A Mormon voiced the best of the Baptist tradition on the separation of church and state in the first Republican presidential TV debate last night.
Asked about the denial of communion to pro-abortion-rights politicians by Roman Catholic clergy, former Massachusetts Gov. Mitt Romney answered as a public official, with nothing to say to church hierarchy.
“Roman Catholic bishops are in a private institution of religion,” Romney said during the 90-minute debate hosted by MSNBC at the Ronald Reagan Presidential Library. “They can do whatever they want in a religion. I can’t imagine a government telling a church who can have communion in their church.”
“Separation of church and state has served us well in this country,” Romney said. “This is a nation, after all, that wants a leader that’s a person of faith, but we don’t choose our leaders based on which church they go to.”
Romney described America as a place that celebrates different faiths.
Another former governor, Mike Huckabee of Arkansas, said, “A person’s faith shouldn’t qualify or disqualify for public office.”
But Huckabee, a former Southern Baptist pastor and denominational leader, added, “We ought to be open and honest about it, and I think it [faith] does help explain who we are, what our value systems are, what makes us tick and what our processes are.”
Huckabee’s comment echoed faintly what some other leaders in the nation’s largest Protestant denomination, the Southern Baptist Convention, have said about Romney’s religious affiliation as disqualifying issue for political support.
Rudy Giuliani, a Catholic, framed the issue differently. He addressed faith in terms of morals, not theological orthodoxy.
“Neither party has a monopoly on virtue or vice,” said Giuliani. That position protects him from his own morally problematic marital history, while offering an honest rebuttal to the Christian Right’s claim that GOP stands for God’s Only Party.
Sam Brownback, one of the closest traveling companions to the Christian Right, repeated a tiresomely dishonest claim of fundamentalism.
“We’ve had 40 or 50 years now of trying to run faith out of the public square. And we’re a nation of faith,” he said. “We shouldn’t try to be running it out of the public square. We should invite it in and celebrate it.”
Candidates addressed different issues with a faith perspective.
Asked about global warming, Huckabee equivocated before saying: “I believe that even our responsibility to God means we have to be good stewards of the earth, be good caretakers of the natural resources that don’t belong to us. We just get to use them. We have no right to abuse them.”
One of the three program questioners asked if all candidates believed in evolution.
John McCain answered: “I believe in evolution. But I also believe that when I hike in the Grand Canyon and see a sunset that the hand of God is there, also.”
One of the strongest areas of disagreement was over stem cell research. McCain said he favors federal funding for stem cell research. Brownback said he opposes killing a human life to heal a human life. Others framed the issue similarly.

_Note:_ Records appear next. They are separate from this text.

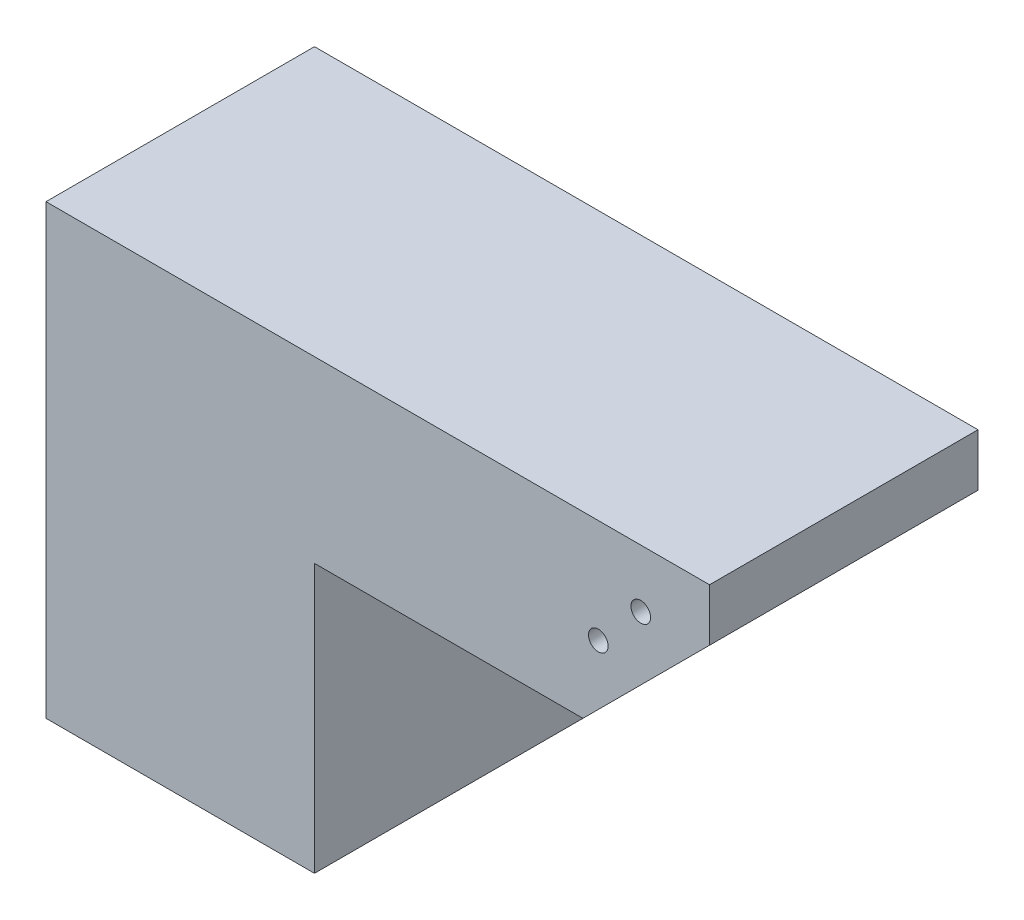
ISO-10303-21;
HEADER;
FILE_DESCRIPTION(('STEP AP214'),'2;1');
FILE_NAME('part.step','',(''),(''),'','','');
FILE_SCHEMA(('AUTOMOTIVE_DESIGN { 1 0 10303 214 1 1 1 1 }'));
ENDSEC;
DATA;
#1=APPLICATION_CONTEXT('core data for automotive mechanical design processes');
#2=APPLICATION_PROTOCOL_DEFINITION('international standard','automotive_design',2000,#1);
#3=PRODUCT_CONTEXT('',#1,'mechanical');
#4=PRODUCT('Part','Part','',(#3));
#5=PRODUCT_RELATED_PRODUCT_CATEGORY('part','',(#4));
#6=PRODUCT_DEFINITION_FORMATION('','',#4);
#7=PRODUCT_DEFINITION_CONTEXT('part definition',#1,'design');
#8=PRODUCT_DEFINITION('design','',#6,#7);
#9=PRODUCT_DEFINITION_SHAPE('','',#8);
#10=(LENGTH_UNIT() NAMED_UNIT(*) SI_UNIT(.MILLI.,.METRE.));
#11=(NAMED_UNIT(*) PLANE_ANGLE_UNIT() SI_UNIT($,.RADIAN.));
#12=(NAMED_UNIT(*) SI_UNIT($,.STERADIAN.) SOLID_ANGLE_UNIT());
#13=UNCERTAINTY_MEASURE_WITH_UNIT(LENGTH_MEASURE(1.E-05),#10,'distance_accuracy_value','');
#14=(GEOMETRIC_REPRESENTATION_CONTEXT(3) GLOBAL_UNCERTAINTY_ASSIGNED_CONTEXT((#13)) GLOBAL_UNIT_ASSIGNED_CONTEXT((#10,
#11,#12)) REPRESENTATION_CONTEXT('',''));
#15=CARTESIAN_POINT('',(0.,0.,0.));
#16=DIRECTION('',(0.,0.,1.));
#17=DIRECTION('',(1.,0.,0.));
#18=AXIS2_PLACEMENT_3D('',#15,#16,#17);
#19=CARTESIAN_POINT('',(0.,0.,15.));
#20=DIRECTION('',(0.,1.,0.));
#21=DIRECTION('',(0.,0.,1.));
#22=AXIS2_PLACEMENT_3D('',#19,#20,#21);
#23=PLANE('',#22);
#24=DIRECTION('',(-1.,0.,0.));
#25=VECTOR('',#24,1.);
#26=CARTESIAN_POINT('',(-11.85,0.,11.85));
#27=LINE('',#26,#25);
#28=CARTESIAN_POINT('',(11.85,0.,11.85));
#29=VERTEX_POINT('',#28);
#30=CARTESIAN_POINT('',(-11.85,0.,11.85));
#31=VERTEX_POINT('',#30);
#32=EDGE_CURVE('E205',#29,#31,#27,.T.);
#33=ORIENTED_EDGE('',*,*,#32,.F.);
#34=DIRECTION('',(0.,0.,1.));
#35=VECTOR('',#34,1.);
#36=CARTESIAN_POINT('',(11.85,0.,11.85));
#37=LINE('',#36,#35);
#38=CARTESIAN_POINT('',(11.85,0.,-11.85));
#39=VERTEX_POINT('',#38);
#40=EDGE_CURVE('E65',#39,#29,#37,.T.);
#41=ORIENTED_EDGE('',*,*,#40,.F.);
#42=DIRECTION('',(1.,0.,0.));
#43=VECTOR('',#42,1.);
#44=CARTESIAN_POINT('',(-11.85,0.,-11.85));
#45=LINE('',#44,#43);
#46=CARTESIAN_POINT('',(-11.85,0.,-11.85));
#47=VERTEX_POINT('',#46);
#48=EDGE_CURVE('E194',#47,#39,#45,.T.);
#49=ORIENTED_EDGE('',*,*,#48,.F.);
#50=DIRECTION('',(0.,0.,-1.));
#51=VECTOR('',#50,1.);
#52=CARTESIAN_POINT('',(-11.85,0.,11.85));
#53=LINE('',#52,#51);
#54=EDGE_CURVE('E208',#31,#47,#53,.T.);
#55=ORIENTED_EDGE('',*,*,#54,.F.);
#56=EDGE_LOOP('',(#33,#41,#49,#55));
#57=FACE_BOUND('',#56,.T.);
#58=DIRECTION('',(1.,0.,0.));
#59=VECTOR('',#58,1.);
#60=CARTESIAN_POINT('',(0.,0.,-15.));
#61=LINE('',#60,#59);
#62=CARTESIAN_POINT('',(-15.,0.,-15.));
#63=VERTEX_POINT('',#62);
#64=CARTESIAN_POINT('',(15.,0.,-15.));
#65=VERTEX_POINT('',#64);
#66=EDGE_CURVE('E215',#63,#65,#61,.T.);
#67=ORIENTED_EDGE('',*,*,#66,.T.);
#68=DIRECTION('',(0.,0.,-1.));
#69=VECTOR('',#68,1.);
#70=CARTESIAN_POINT('',(15.,0.,15.));
#71=LINE('',#70,#69);
#72=CARTESIAN_POINT('',(15.,0.,15.));
#73=VERTEX_POINT('',#72);
#74=EDGE_CURVE('E11',#73,#65,#71,.T.);
#75=ORIENTED_EDGE('',*,*,#74,.F.);
#76=DIRECTION('',(1.,0.,0.));
#77=VECTOR('',#76,1.);
#78=CARTESIAN_POINT('',(-15.,0.,15.));
#79=LINE('',#78,#77);
#80=CARTESIAN_POINT('',(-15.,0.,15.));
#81=VERTEX_POINT('',#80);
#82=EDGE_CURVE('E221',#81,#73,#79,.T.);
#83=ORIENTED_EDGE('',*,*,#82,.F.);
#84=DIRECTION('',(0.,0.,-1.));
#85=VECTOR('',#84,1.);
#86=CARTESIAN_POINT('',(-15.,0.,15.));
#87=LINE('',#86,#85);
#88=EDGE_CURVE('E236',#81,#63,#87,.T.);
#89=ORIENTED_EDGE('',*,*,#88,.T.);
#90=EDGE_LOOP('',(#67,#75,#83,#89));
#91=FACE_BOUND('',#90,.T.);
#92=ADVANCED_FACE('F41',(#57,#91),#23,.F.);
#93=CARTESIAN_POINT('',(15.,0.,15.));
#94=DIRECTION('',(-1.,0.,0.));
#95=DIRECTION('',(0.,0.,1.));
#96=AXIS2_PLACEMENT_3D('',#93,#94,#95);
#97=PLANE('',#96);
#98=DIRECTION('',(0.,1.,0.));
#99=VECTOR('',#98,1.);
#100=CARTESIAN_POINT('',(15.,0.,-15.));
#101=LINE('',#100,#99);
#102=CARTESIAN_POINT('',(15.,30.,-15.));
#103=VERTEX_POINT('',#102);
#104=EDGE_CURVE('E238',#65,#103,#101,.T.);
#105=ORIENTED_EDGE('',*,*,#104,.T.);
#106=DIRECTION('',(0.,0.,-1.));
#107=VECTOR('',#106,1.);
#108=CARTESIAN_POINT('',(15.,30.,15.));
#109=LINE('',#108,#107);
#110=CARTESIAN_POINT('',(15.,30.,15.));
#111=VERTEX_POINT('',#110);
#112=EDGE_CURVE('E49',#111,#103,#109,.T.);
#113=ORIENTED_EDGE('',*,*,#112,.F.);
#114=DIRECTION('',(0.,1.,0.));
#115=VECTOR('',#114,1.);
#116=CARTESIAN_POINT('',(15.,0.,15.));
#117=LINE('',#116,#115);
#118=EDGE_CURVE('E223',#73,#111,#117,.T.);
#119=ORIENTED_EDGE('',*,*,#118,.F.);
#120=ORIENTED_EDGE('',*,*,#74,.T.);
#121=EDGE_LOOP('',(#105,#113,#119,#120));
#122=FACE_BOUND('',#121,.T.);
#123=ADVANCED_FACE('F309',(#122),#97,.F.);
#124=CARTESIAN_POINT('',(15.,30.,15.));
#125=DIRECTION('',(0.,1.,0.));
#126=DIRECTION('',(0.,0.,1.));
#127=AXIS2_PLACEMENT_3D('',#124,#125,#126);
#128=PLANE('',#127);
#129=DIRECTION('',(1.,0.,0.));
#130=VECTOR('',#129,1.);
#131=CARTESIAN_POINT('',(15.,30.,-15.));
#132=LINE('',#131,#130);
#133=CARTESIAN_POINT('',(45.,30.,-15.));
#134=VERTEX_POINT('',#133);
#135=EDGE_CURVE('E240',#103,#134,#132,.T.);
#136=ORIENTED_EDGE('',*,*,#135,.T.);
#137=DIRECTION('',(0.,0.,-1.));
#138=VECTOR('',#137,1.);
#139=CARTESIAN_POINT('',(45.,30.,15.));
#140=LINE('',#139,#138);
#141=CARTESIAN_POINT('',(45.,30.,15.));
#142=VERTEX_POINT('',#141);
#143=EDGE_CURVE('E261',#142,#134,#140,.T.);
#144=ORIENTED_EDGE('',*,*,#143,.F.);
#145=DIRECTION('',(1.,0.,0.));
#146=VECTOR('',#145,1.);
#147=CARTESIAN_POINT('',(15.,30.,15.));
#148=LINE('',#147,#146);
#149=EDGE_CURVE('E226',#111,#142,#148,.T.);
#150=ORIENTED_EDGE('',*,*,#149,.F.);
#151=ORIENTED_EDGE('',*,*,#112,.T.);
#152=EDGE_LOOP('',(#136,#144,#150,#151));
#153=FACE_BOUND('',#152,.T.);
#154=ADVANCED_FACE('F316',(#153),#128,.F.);
#155=CARTESIAN_POINT('',(45.,30.,15.));
#156=DIRECTION('',(-0.707106781186549,0.707106781186546,0.));
#157=DIRECTION('',(-0.707106781186546,-0.707106781186549,0.));
#158=AXIS2_PLACEMENT_3D('',#155,#156,#157);
#159=PLANE('',#158);
#160=DIRECTION('',(0.,0.,1.));
#161=VECTOR('',#160,1.);
#162=CARTESIAN_POINT('',(56.3844191771034,41.3844191771034,6.10000000000001));
#163=LINE('',#162,#161);
#164=CARTESIAN_POINT('',(56.3844191771034,41.3844191771034,-6.09999999999999));
#165=VERTEX_POINT('',#164);
#166=CARTESIAN_POINT('',(56.3844191771034,41.3844191771034,6.10000000000001));
#167=VERTEX_POINT('',#166);
#168=EDGE_CURVE('E181',#165,#167,#163,.T.);
#169=ORIENTED_EDGE('',*,*,#168,.F.);
#170=DIRECTION('',(0.707106781186546,0.707106781186549,0.));
#171=VECTOR('',#170,1.);
#172=CARTESIAN_POINT('',(56.3844191771034,41.3844191771034,-6.09999999999999));
#173=LINE('',#172,#171);
#174=CARTESIAN_POINT('',(47.7577164466275,32.7577164466275,-6.09999999999999));
#175=VERTEX_POINT('',#174);
#176=EDGE_CURVE('E57',#175,#165,#173,.T.);
#177=ORIENTED_EDGE('',*,*,#176,.F.);
#178=DIRECTION('',(0.,0.,-1.));
#179=VECTOR('',#178,1.);
#180=CARTESIAN_POINT('',(47.7577164466275,32.7577164466275,6.10000000000001));
#181=LINE('',#180,#179);
#182=CARTESIAN_POINT('',(47.7577164466275,32.7577164466275,6.10000000000001));
#183=VERTEX_POINT('',#182);
#184=EDGE_CURVE('E169',#183,#175,#181,.T.);
#185=ORIENTED_EDGE('',*,*,#184,.F.);
#186=DIRECTION('',(-0.707106781186546,-0.707106781186549,0.));
#187=VECTOR('',#186,1.);
#188=CARTESIAN_POINT('',(56.3844191771034,41.3844191771034,6.10000000000001));
#189=LINE('',#188,#187);
#190=EDGE_CURVE('E172',#167,#183,#189,.T.);
#191=ORIENTED_EDGE('',*,*,#190,.F.);
#192=EDGE_LOOP('',(#169,#177,#185,#191));
#193=FACE_BOUND('',#192,.T.);
#194=DIRECTION('',(0.707106781186546,0.707106781186549,0.));
#195=VECTOR('',#194,1.);
#196=CARTESIAN_POINT('',(45.,30.,-15.));
#197=LINE('',#196,#195);
#198=CARTESIAN_POINT('',(59.1421356237309,44.142135623731,-15.));
#199=VERTEX_POINT('',#198);
#200=EDGE_CURVE('E242',#134,#199,#197,.T.);
#201=ORIENTED_EDGE('',*,*,#200,.T.);
#202=DIRECTION('',(0.,0.,-1.));
#203=VECTOR('',#202,1.);
#204=CARTESIAN_POINT('',(59.1421356237309,44.142135623731,15.));
#205=LINE('',#204,#203);
#206=CARTESIAN_POINT('',(59.1421356237309,44.142135623731,15.));
#207=VERTEX_POINT('',#206);
#208=EDGE_CURVE('E258',#207,#199,#205,.T.);
#209=ORIENTED_EDGE('',*,*,#208,.F.);
#210=DIRECTION('',(0.707106781186546,0.707106781186549,0.));
#211=VECTOR('',#210,1.);
#212=CARTESIAN_POINT('',(45.,30.,15.));
#213=LINE('',#212,#211);
#214=EDGE_CURVE('E228',#142,#207,#213,.T.);
#215=ORIENTED_EDGE('',*,*,#214,.F.);
#216=ORIENTED_EDGE('',*,*,#143,.T.);
#217=EDGE_LOOP('',(#201,#209,#215,#216));
#218=FACE_BOUND('',#217,.T.);
#219=ADVANCED_FACE('F338',(#193,#218),#159,.F.);
#220=CARTESIAN_POINT('',(59.1421356237309,44.142135623731,15.));
#221=DIRECTION('',(-1.,0.,0.));
#222=DIRECTION('',(0.,-1.,0.));
#223=AXIS2_PLACEMENT_3D('',#220,#221,#222);
#224=PLANE('',#223);
#225=DIRECTION('',(0.,1.,0.));
#226=VECTOR('',#225,1.);
#227=CARTESIAN_POINT('',(59.1421356237309,44.142135623731,-15.));
#228=LINE('',#227,#226);
#229=CARTESIAN_POINT('',(59.1421356237309,50.,-15.));
#230=VERTEX_POINT('',#229);
#231=EDGE_CURVE('E244',#199,#230,#228,.T.);
#232=ORIENTED_EDGE('',*,*,#231,.T.);
#233=DIRECTION('',(0.,0.,-1.));
#234=VECTOR('',#233,1.);
#235=CARTESIAN_POINT('',(59.1421356237309,50.,15.));
#236=LINE('',#235,#234);
#237=CARTESIAN_POINT('',(59.1421356237309,50.,15.));
#238=VERTEX_POINT('',#237);
#239=EDGE_CURVE('E255',#238,#230,#236,.T.);
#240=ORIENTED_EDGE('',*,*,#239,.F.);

Most candidates offered the predictable anti-abortion position, save Giuliani, who said abortion is an issue of conscience. He said he hates abortion but respects a woman’s right to make a different choice. Romney offered an unconvincing explanation for his flip-flop on the abortion issue. Brownback said abortion is a central issue.
Candidates also sparred over how Congress handled the Terri Schiavo case, a tragic example of government intervention based on theology rather than medical evidence. McCain, Romney and Giuliani criticized the action by the Republican-controlled Congress and President Bush.
Nine of the 10 Republican presidential candidates have religious affiliations as Christians. One is a Mormon (Mitt Romney).
Sam Brownback, Rudy Giuliani and Tommy Thompson are Catholic. Mike Huckabee and Duncan Hunter are Baptists. Ron Paul has a generic affiliation as a Protestant. John McCain is an Episcopalian. Jim Gilmore is Methodist. Tom Tancredo is Presbyterian.
Almost all the candidates omit in their campaign biographies any reference to church membership or faith affiliations.
Huckabee does reference his being past president of the Arkansas Baptist State Convention. His failure to mention his attendance at Southwestern Baptist Theological Seminary in Fort Worth, Texas, is as odd as Romney’s lack of candor about his adherence to the Mormon faith.
MSNBC host Chris Matthews moderated the debate poorly, with a manic style that unfairly distributed time for answers.
The eight Democratic candidates’ religious affiliation includes four Catholics (Joe Biden, Chris Dodd, Dennis Kucinich and Bill Richardson), three Protestants (Hillary Clinton, John Edwards and Barack Obama) and one Unitarian (Mike Gravel).
Robert Parham is executive director of the Baptist Center for Ethics.